Exercise material -
_____

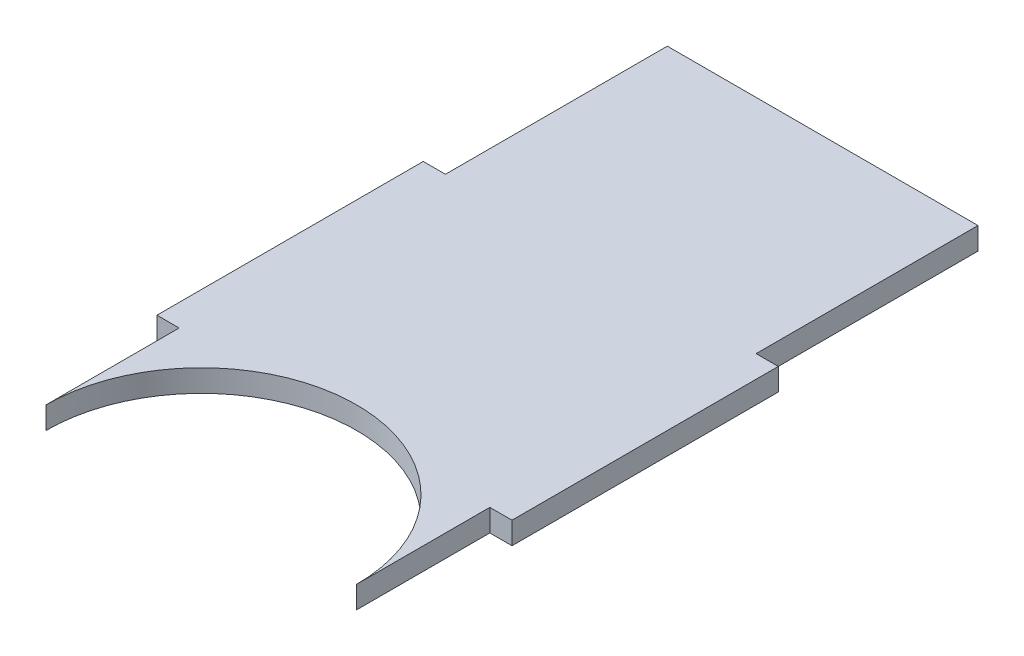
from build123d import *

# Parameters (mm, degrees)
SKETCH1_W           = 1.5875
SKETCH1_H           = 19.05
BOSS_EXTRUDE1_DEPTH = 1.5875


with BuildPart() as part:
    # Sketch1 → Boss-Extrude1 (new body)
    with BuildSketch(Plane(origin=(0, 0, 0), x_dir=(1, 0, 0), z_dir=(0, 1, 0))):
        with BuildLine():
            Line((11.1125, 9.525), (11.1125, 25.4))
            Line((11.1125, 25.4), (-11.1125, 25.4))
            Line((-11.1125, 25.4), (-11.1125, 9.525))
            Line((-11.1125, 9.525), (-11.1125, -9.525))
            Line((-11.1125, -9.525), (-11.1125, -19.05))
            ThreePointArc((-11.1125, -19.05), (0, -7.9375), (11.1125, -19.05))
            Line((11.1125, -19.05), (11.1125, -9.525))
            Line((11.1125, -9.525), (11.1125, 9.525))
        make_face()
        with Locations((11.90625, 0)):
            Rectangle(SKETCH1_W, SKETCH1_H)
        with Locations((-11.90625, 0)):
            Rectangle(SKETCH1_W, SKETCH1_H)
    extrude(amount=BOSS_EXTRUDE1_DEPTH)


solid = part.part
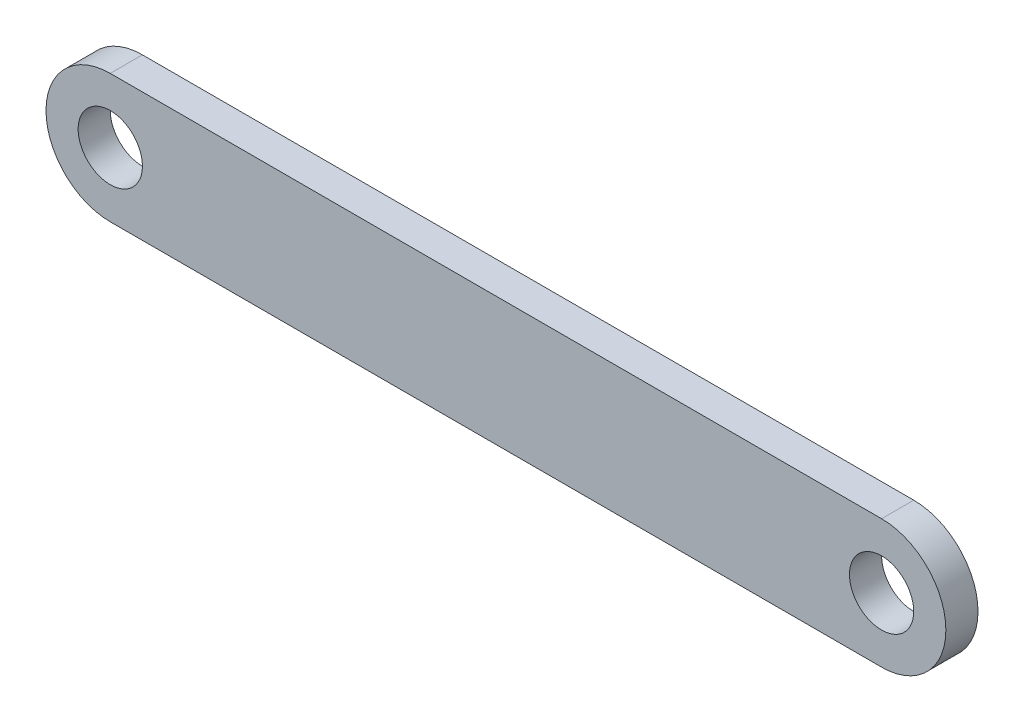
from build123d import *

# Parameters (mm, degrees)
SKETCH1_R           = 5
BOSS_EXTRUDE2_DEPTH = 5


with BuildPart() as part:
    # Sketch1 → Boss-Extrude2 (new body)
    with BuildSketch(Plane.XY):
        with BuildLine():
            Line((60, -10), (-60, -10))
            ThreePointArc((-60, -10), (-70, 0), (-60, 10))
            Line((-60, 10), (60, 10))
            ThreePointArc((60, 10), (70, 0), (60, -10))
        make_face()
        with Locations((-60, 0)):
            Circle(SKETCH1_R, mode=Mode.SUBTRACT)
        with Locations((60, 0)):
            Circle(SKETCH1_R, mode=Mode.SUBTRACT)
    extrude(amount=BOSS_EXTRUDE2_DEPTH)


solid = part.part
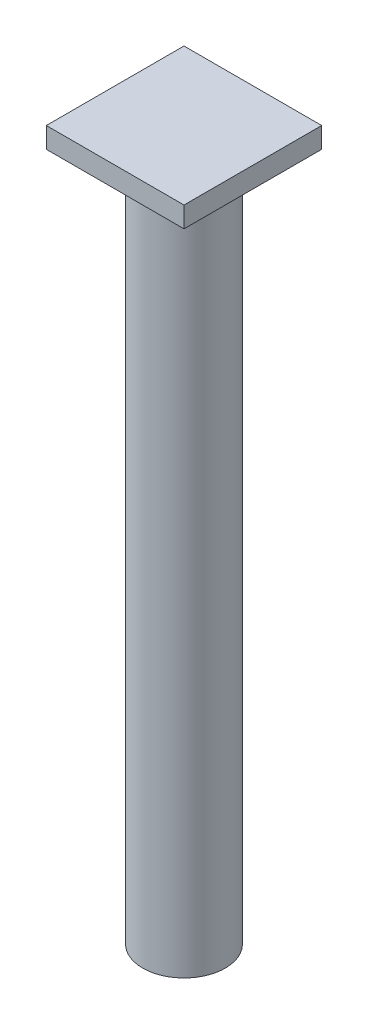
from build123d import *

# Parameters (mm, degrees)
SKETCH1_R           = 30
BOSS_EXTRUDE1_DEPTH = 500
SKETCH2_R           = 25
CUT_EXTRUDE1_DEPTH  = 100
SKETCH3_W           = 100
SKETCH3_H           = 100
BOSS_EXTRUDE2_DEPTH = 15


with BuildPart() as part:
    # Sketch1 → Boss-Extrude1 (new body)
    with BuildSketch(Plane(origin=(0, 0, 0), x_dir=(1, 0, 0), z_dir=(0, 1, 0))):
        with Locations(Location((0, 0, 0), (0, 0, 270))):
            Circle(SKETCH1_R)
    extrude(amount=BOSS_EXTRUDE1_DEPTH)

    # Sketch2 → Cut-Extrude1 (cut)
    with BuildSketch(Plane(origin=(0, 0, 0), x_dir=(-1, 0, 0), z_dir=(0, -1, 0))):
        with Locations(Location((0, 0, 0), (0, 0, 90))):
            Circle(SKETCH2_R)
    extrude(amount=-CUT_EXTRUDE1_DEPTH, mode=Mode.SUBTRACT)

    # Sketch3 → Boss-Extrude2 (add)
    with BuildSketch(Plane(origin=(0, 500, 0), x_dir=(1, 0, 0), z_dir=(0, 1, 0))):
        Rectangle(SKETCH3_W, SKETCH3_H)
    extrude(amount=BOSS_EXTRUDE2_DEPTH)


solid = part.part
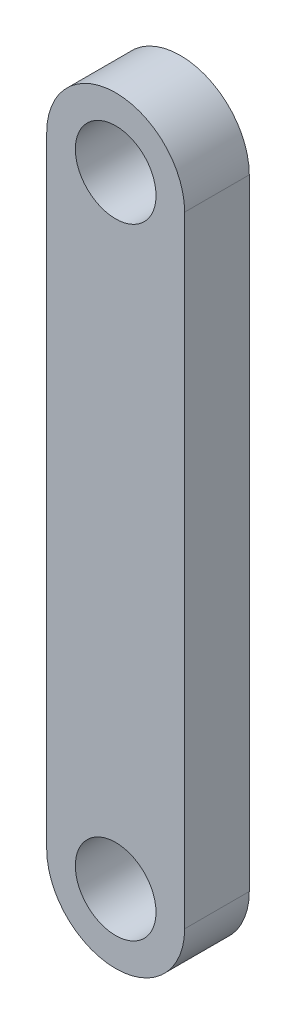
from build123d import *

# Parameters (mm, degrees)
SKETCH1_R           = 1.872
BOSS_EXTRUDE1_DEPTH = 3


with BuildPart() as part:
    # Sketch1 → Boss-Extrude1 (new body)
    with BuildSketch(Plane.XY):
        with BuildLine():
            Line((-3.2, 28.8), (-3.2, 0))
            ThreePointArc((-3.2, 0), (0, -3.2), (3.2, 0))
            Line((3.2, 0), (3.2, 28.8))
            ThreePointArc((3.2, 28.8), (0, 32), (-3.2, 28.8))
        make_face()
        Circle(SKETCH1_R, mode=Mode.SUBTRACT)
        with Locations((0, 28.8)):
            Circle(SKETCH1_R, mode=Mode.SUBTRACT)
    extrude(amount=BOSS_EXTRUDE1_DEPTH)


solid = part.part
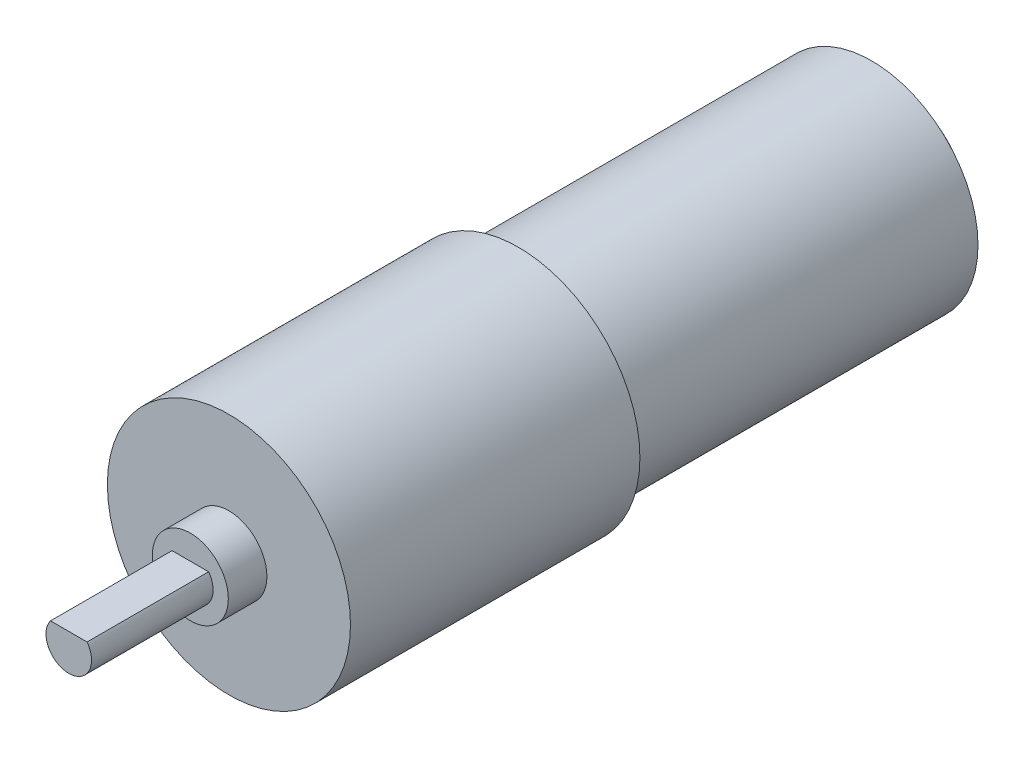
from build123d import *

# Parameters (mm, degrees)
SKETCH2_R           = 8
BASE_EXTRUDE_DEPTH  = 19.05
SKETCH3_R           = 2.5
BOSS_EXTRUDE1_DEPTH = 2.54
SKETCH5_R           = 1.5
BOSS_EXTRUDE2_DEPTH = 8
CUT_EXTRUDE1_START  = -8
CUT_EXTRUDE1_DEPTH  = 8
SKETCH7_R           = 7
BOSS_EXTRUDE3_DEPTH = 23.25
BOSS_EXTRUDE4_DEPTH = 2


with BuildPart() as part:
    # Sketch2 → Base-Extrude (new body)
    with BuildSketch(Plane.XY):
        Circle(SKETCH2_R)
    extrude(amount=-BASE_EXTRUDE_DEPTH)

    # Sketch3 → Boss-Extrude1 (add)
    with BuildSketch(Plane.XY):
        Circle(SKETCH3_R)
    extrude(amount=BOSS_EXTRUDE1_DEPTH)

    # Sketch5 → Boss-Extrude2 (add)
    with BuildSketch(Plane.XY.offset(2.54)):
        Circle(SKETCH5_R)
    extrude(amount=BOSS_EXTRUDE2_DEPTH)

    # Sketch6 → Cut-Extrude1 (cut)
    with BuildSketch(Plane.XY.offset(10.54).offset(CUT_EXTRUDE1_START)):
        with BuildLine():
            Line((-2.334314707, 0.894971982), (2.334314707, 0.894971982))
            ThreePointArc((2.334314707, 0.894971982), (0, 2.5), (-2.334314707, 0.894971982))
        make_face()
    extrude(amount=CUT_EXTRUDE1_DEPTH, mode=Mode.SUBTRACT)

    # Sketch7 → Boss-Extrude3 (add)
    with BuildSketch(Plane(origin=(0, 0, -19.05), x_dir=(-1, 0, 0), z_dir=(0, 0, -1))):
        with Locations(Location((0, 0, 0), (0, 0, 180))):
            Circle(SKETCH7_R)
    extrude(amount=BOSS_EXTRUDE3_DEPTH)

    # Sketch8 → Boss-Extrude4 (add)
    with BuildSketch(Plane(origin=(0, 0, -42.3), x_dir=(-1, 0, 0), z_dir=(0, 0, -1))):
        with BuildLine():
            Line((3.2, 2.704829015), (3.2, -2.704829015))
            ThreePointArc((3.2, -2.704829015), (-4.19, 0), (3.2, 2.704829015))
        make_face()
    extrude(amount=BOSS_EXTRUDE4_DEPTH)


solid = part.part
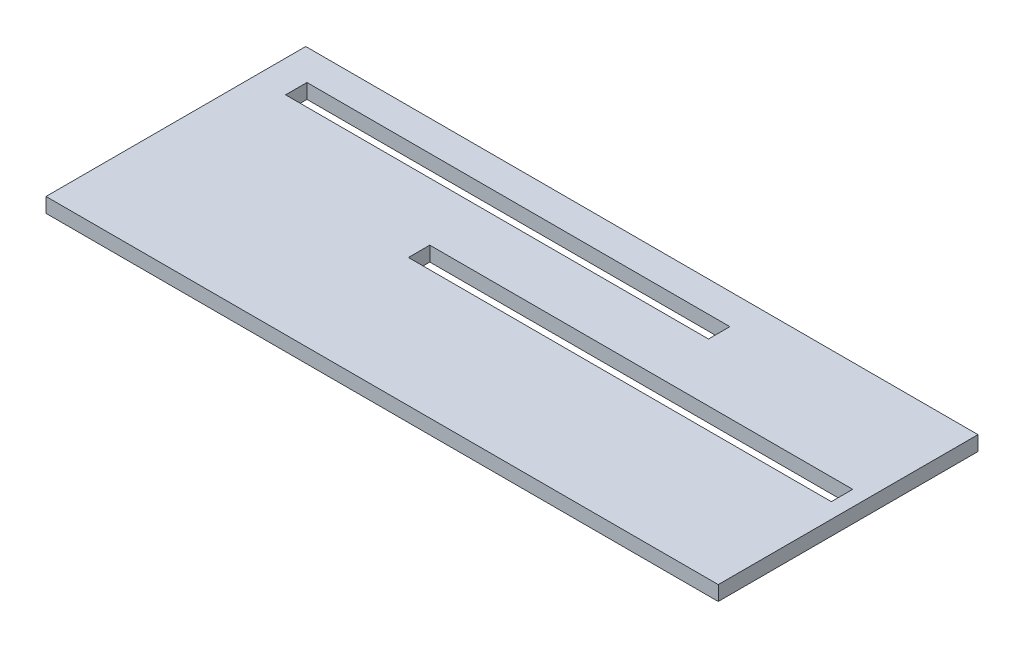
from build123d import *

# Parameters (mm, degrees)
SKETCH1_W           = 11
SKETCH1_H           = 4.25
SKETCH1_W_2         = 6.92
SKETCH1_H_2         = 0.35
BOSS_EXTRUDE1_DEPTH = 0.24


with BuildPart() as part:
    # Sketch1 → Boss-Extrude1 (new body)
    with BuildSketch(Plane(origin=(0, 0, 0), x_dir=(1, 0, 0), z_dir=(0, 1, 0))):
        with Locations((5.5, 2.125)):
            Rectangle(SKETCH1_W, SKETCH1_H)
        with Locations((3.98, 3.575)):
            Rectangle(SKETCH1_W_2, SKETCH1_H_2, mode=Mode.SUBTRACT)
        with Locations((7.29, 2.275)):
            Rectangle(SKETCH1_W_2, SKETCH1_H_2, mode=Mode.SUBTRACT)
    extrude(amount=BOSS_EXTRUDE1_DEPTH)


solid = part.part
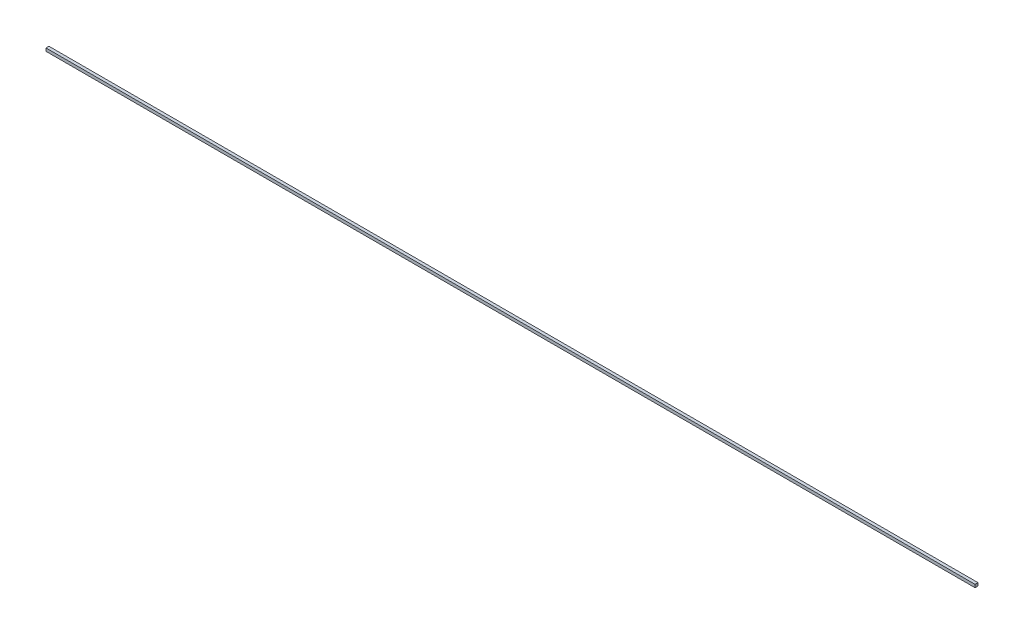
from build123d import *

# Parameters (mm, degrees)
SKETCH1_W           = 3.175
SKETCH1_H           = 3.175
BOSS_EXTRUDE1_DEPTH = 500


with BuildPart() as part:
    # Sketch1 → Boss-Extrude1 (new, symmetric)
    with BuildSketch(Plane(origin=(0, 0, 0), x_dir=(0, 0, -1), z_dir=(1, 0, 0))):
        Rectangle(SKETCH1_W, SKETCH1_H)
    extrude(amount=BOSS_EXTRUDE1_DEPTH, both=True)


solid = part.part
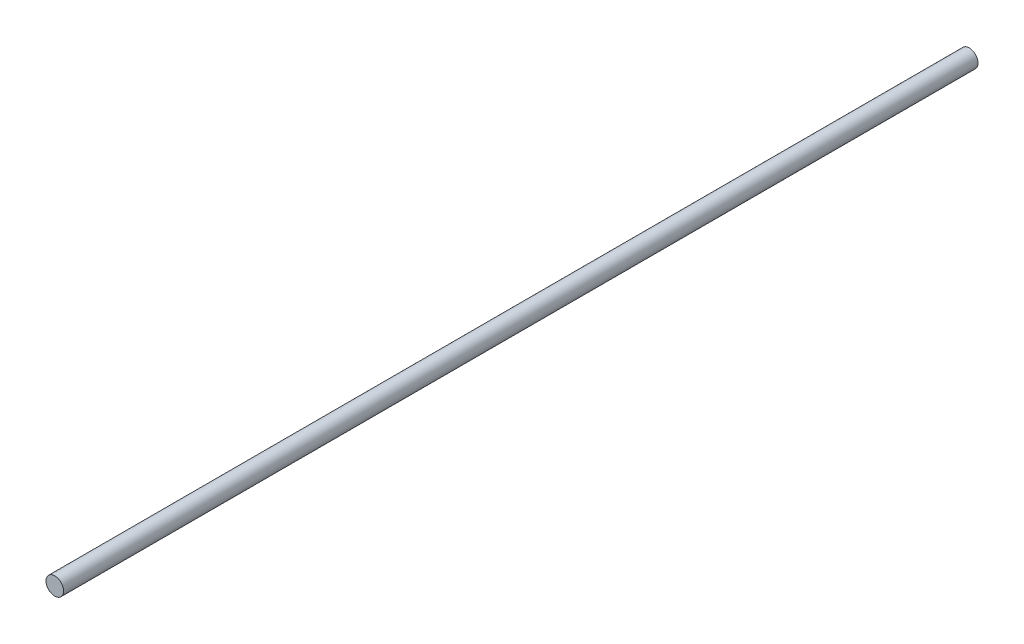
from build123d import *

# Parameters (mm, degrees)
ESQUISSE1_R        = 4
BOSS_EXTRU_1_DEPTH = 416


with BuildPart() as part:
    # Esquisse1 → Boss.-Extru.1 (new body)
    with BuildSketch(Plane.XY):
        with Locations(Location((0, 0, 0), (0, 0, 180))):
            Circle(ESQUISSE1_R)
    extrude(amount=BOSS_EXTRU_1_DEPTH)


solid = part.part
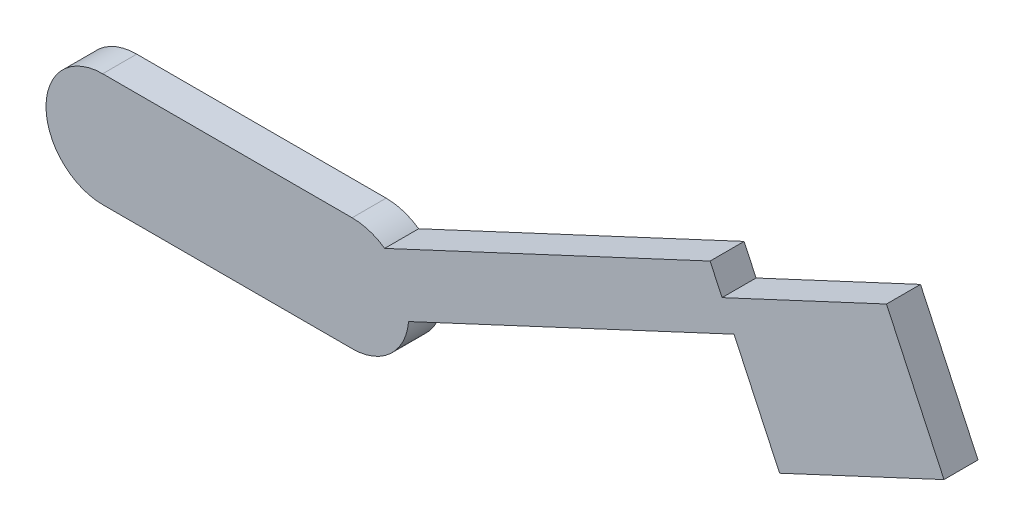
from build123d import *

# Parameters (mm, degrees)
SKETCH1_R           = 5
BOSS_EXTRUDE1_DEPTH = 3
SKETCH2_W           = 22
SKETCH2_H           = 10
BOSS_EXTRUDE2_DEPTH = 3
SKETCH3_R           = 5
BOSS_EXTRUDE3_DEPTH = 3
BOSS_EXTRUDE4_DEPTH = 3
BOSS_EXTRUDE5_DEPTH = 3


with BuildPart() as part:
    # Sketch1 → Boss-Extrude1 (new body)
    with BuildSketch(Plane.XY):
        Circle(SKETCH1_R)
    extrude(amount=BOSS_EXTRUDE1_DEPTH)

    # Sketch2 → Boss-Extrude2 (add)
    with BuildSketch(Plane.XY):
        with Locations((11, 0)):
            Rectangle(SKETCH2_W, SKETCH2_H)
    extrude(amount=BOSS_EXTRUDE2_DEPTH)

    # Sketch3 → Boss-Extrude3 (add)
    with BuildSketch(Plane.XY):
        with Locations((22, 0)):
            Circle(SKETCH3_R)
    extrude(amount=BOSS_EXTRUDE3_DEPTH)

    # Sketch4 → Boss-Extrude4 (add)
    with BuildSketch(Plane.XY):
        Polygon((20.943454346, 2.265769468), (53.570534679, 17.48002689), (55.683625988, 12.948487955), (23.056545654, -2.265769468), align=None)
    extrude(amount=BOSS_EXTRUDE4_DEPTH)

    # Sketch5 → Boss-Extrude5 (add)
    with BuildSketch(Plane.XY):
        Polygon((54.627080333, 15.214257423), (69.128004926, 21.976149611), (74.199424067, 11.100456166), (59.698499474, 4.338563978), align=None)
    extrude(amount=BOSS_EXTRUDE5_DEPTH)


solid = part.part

_____

Aim of the task - Give only the count of lines in the listing that contain the string "Polygon".

Response area - 2